However, things do not go as Bernard has planned.  So, in Chapter 16 when Mustapha Mond calls Bernard and the Savage in after the incident at the hospital, he asks John if he does not "like civilization," and John frankly answers no:

Bernard started and looked horrified.  What would the Controller think?  To be labelled as the friend of a man who said that he didn't like civilization--said it openly and, of all people, to the Controller--it was terrible.  'But, John,' he began.  A look from Mustapha Mond reduced him to an abject silence.

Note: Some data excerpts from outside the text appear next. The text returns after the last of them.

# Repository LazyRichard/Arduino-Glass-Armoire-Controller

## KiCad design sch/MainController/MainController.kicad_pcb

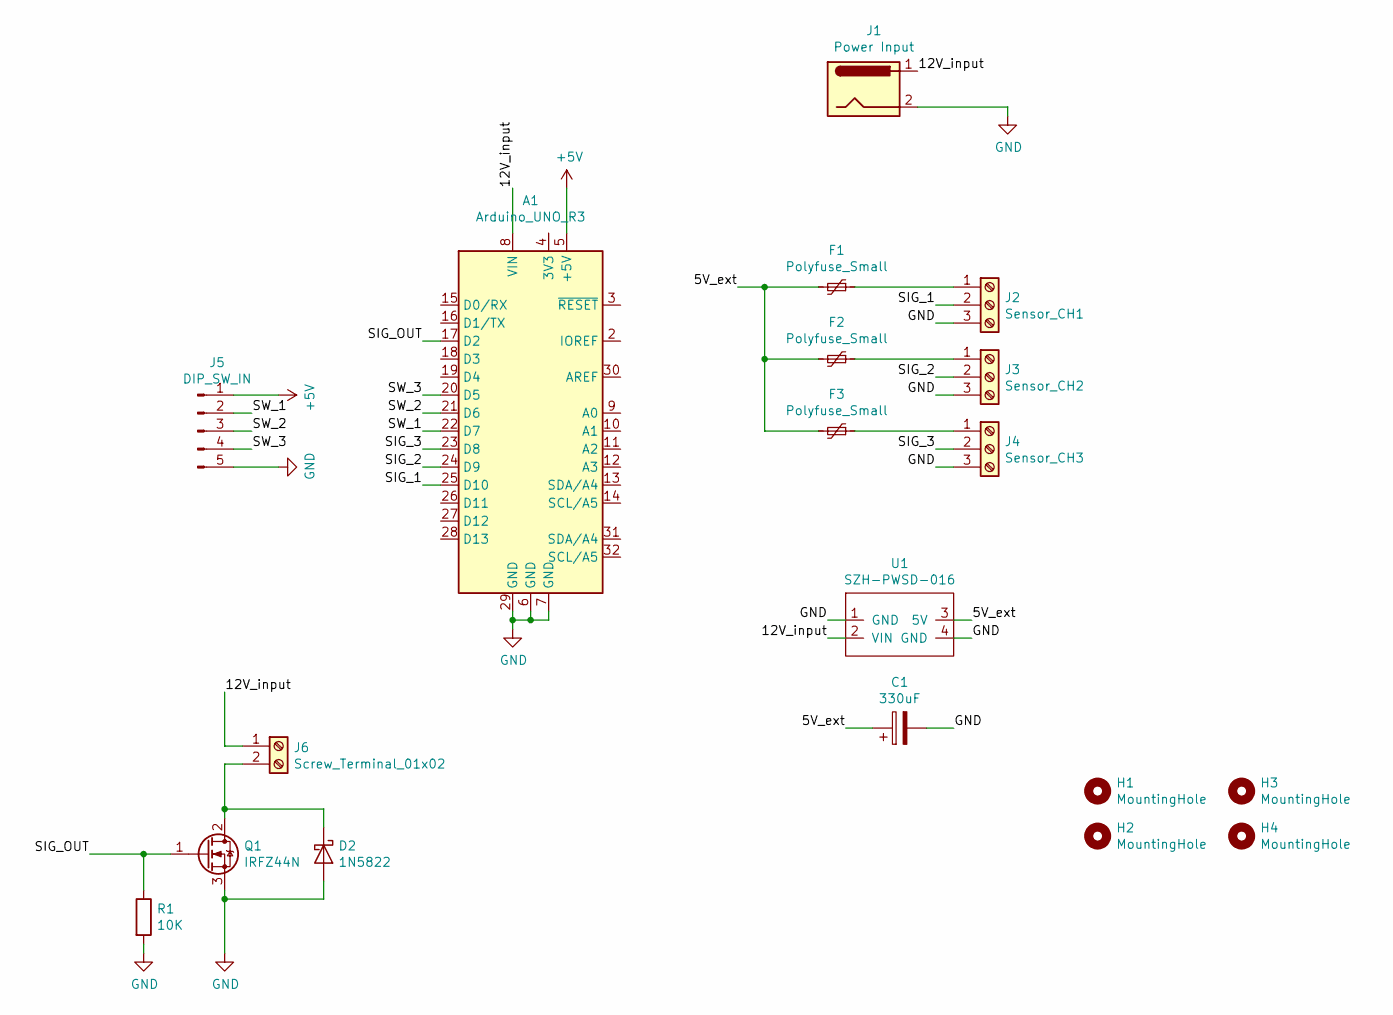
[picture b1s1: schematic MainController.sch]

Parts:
A1: Arduino_UNO_R3
C1: 330uF; CP_Radial_D8.0mm_P3.80mm
D2: 1N5822; D_DO-201AD_P5.08mm_Vertical_KathodeUp
F1, F2, F3: Polyfuse_Small; Fuse_1812_4532Metric_Pad1.30x3.40mm_HandSolder
H1, H2, H3, H4: MountingHole; MountingHole_3mm
J1: Power Input; PJ-002B
J2: Sensor_CH1; ECH381R-3p
J3: Sensor_CH2; ECH381R-3p
J4: Sensor_CH3; ECH381R-3p
J5: DIP_SW_IN; PinHeader_1x05_P2.54mm_Vertical
J6: Screw_Terminal_01x02; ECH381V-2p
Q1: IRFZ44N; TO-220-3_Vertical
R1: 10K; R_1806_4516Metric_Pad1.57x1.80mm_HandSolder
U1: SZH-PWSD-016

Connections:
+5V: A1.5 (+5V), J5.1
/5V_ext: C1.1, F1.2, F2.2, F3.2, U1.3 (5V)
/12V_input: A1.8 (VIN), J1.1, J6.1, U1.2 (VIN)
/SIG_1: A1.25 (D10), J2.2
/SIG_2: A1.24 (D9), J3.2
/SIG_3: A1.23 (D8), J4.2
/SIG_OUT: A1.17 (D2), Q1.1 (G), R1.1
/SW_1: A1.22 (D7), J5.2
/SW_2: A1.21 (D6), J5.3
/SW_3: A1.20 (D5), J5.4
GND: A1.6 (GND), A1.7 (GND), A1.29 (GND), C1.2, D2.2 (A), J1.2, J2.3, J3.3, J4.3, J5.5, Q1.3 (S), R1.2, U1.1 (GND), U1.4 (GND)
unnamed: D2.1 (K), J6.2, Q1.2 (D)
unnamed: F1.1, J2.1
unnamed: F2.1, J3.1
unnamed: F3.1, J4.1

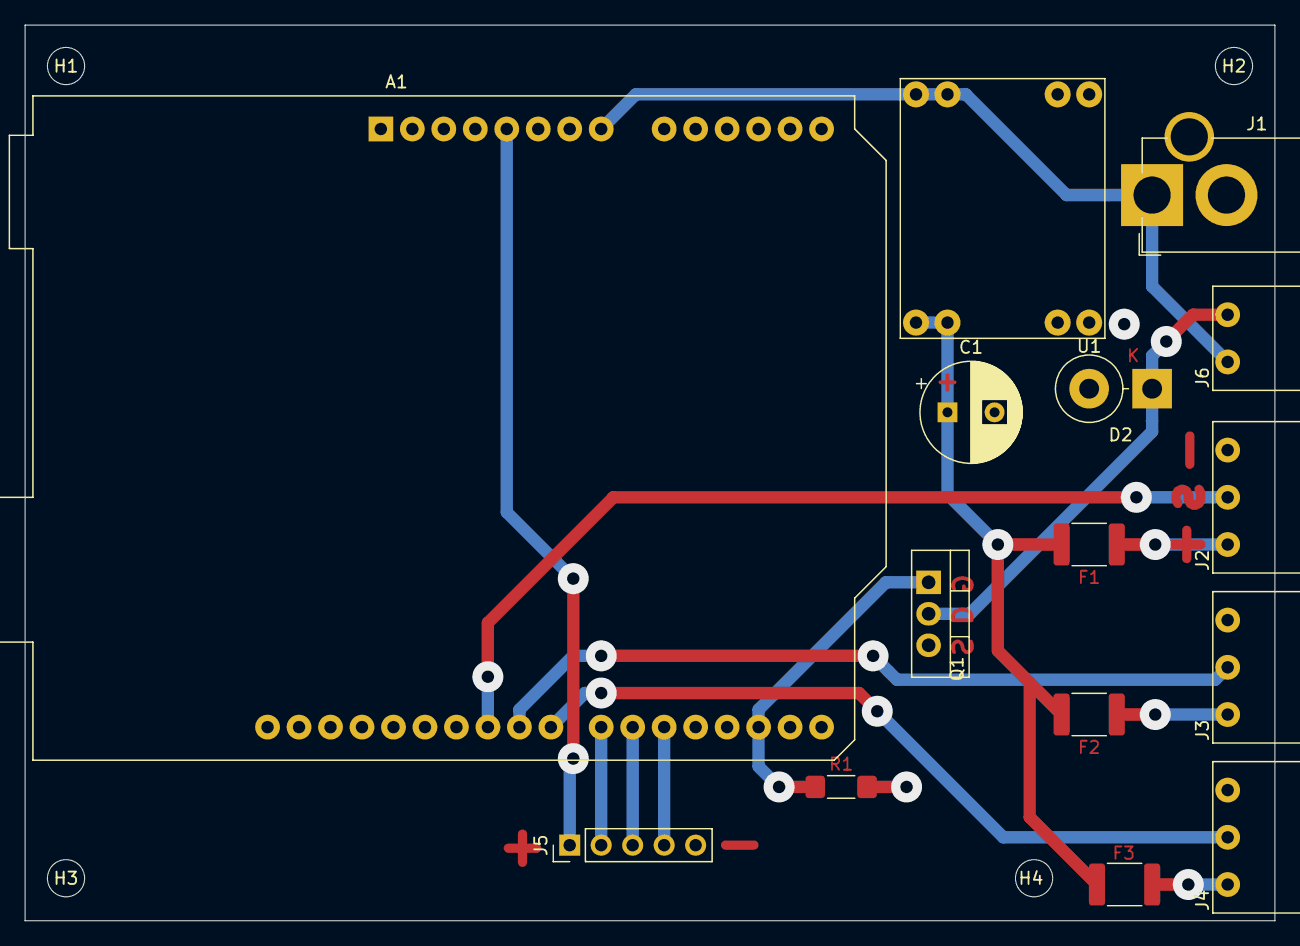
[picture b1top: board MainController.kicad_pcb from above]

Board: 2 copper layers, 100.8 x 72.3 mm, 19 parts (0 on the bottom side), 15 nets.

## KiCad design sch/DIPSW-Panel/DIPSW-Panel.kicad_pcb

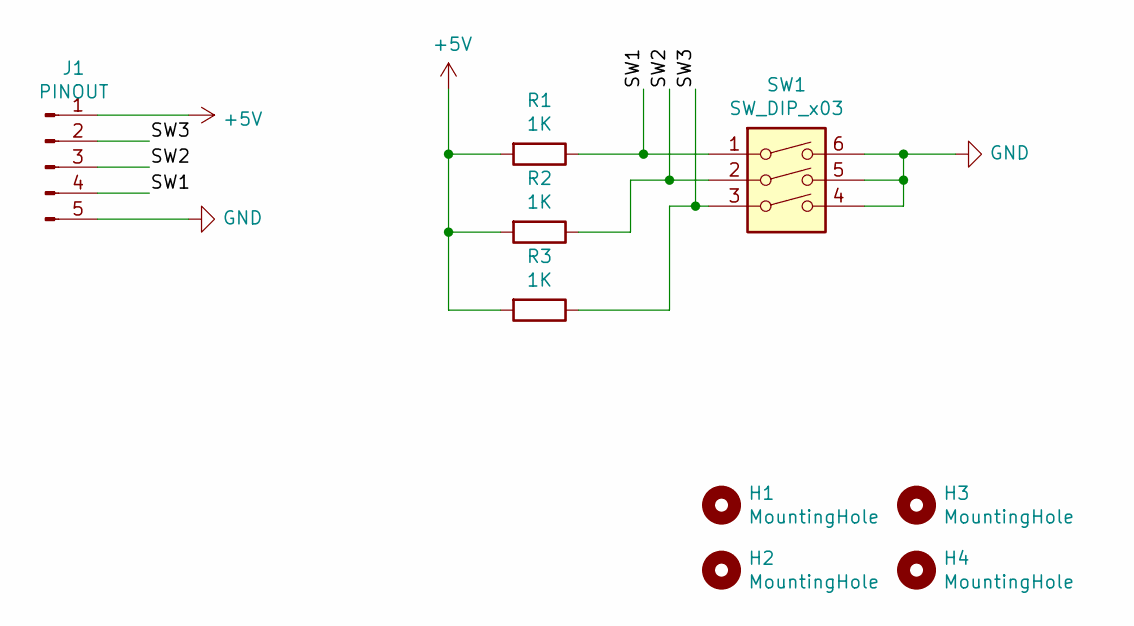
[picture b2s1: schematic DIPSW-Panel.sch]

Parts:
H1, H2, H3, H4: MountingHole; MountingHole_2mm
J1: PINOUT; PinHeader_1x05_P2.54mm_Vertical
R1, R2, R3: 1K; R_0603_1608Metric_Pad1.05x0.95mm_HandSolder
SW1: SW_DIP_x03; DIP-6_W7.62mm_LongPads

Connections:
+5V: J1.1, R1.2, R2.2, R3.2
/SW1: J1.4, R1.1, SW1.1
/SW2: J1.3, R2.1, SW1.2
/SW3: J1.2, R3.1, SW1.3
GND: J1.5, SW1.4, SW1.5, SW1.6

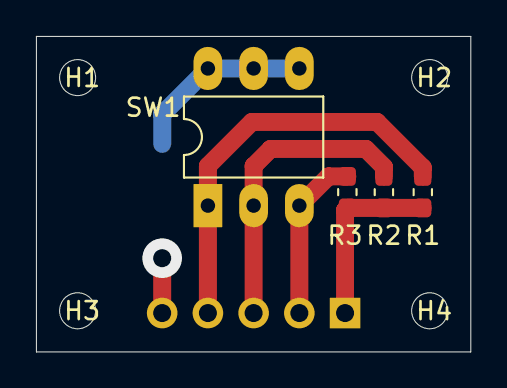
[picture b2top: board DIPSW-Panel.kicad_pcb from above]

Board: 2 copper layers, 24.1 x 17.5 mm, 9 parts (1 on the bottom side), 5 nets.

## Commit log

2020-01-13 add pcb
2020-01-16 [PCB] housekeeping
2020-01-17 remove zip file
2020-01-17 add test firm
2020-01-17 add basic firmware
2020-01-17 [pcb] update pcb pattern
2020-01-30 [pcb] fix tr control circuit and update pcb layout

As Mond continues to interrogate John, Bernard sinks into "a yet more hopeless misery."  Clearly, then, Bernard is pusillanimous and only interested in saving himself from any situation.  So, in Chapter 15 when John attempts to bring freedom to the "khaki mob" by throwing out their soma and urging them to think for themselves, Bernard whispers, "He's mad....They'll kill him.  They'll...." and he worries for himself.  But, suddenly, Helmholtz is at the side of John, demonstrating the sharp contrast between him and Bernard.

"They're done for," Bernard thinks, but he does run forward, "urged by a sudden impulse."  However, he

thought better of it and halted; then ashamed, stepped forward again; then again thought better of it , and was standing in an agony of humiliated indecision--thinking that they might be killed if he didn't help them, and he might be killed if he did--when (Ford be praised!), goggle-eyed and swine-snouted in their gas-masks, in ran the police.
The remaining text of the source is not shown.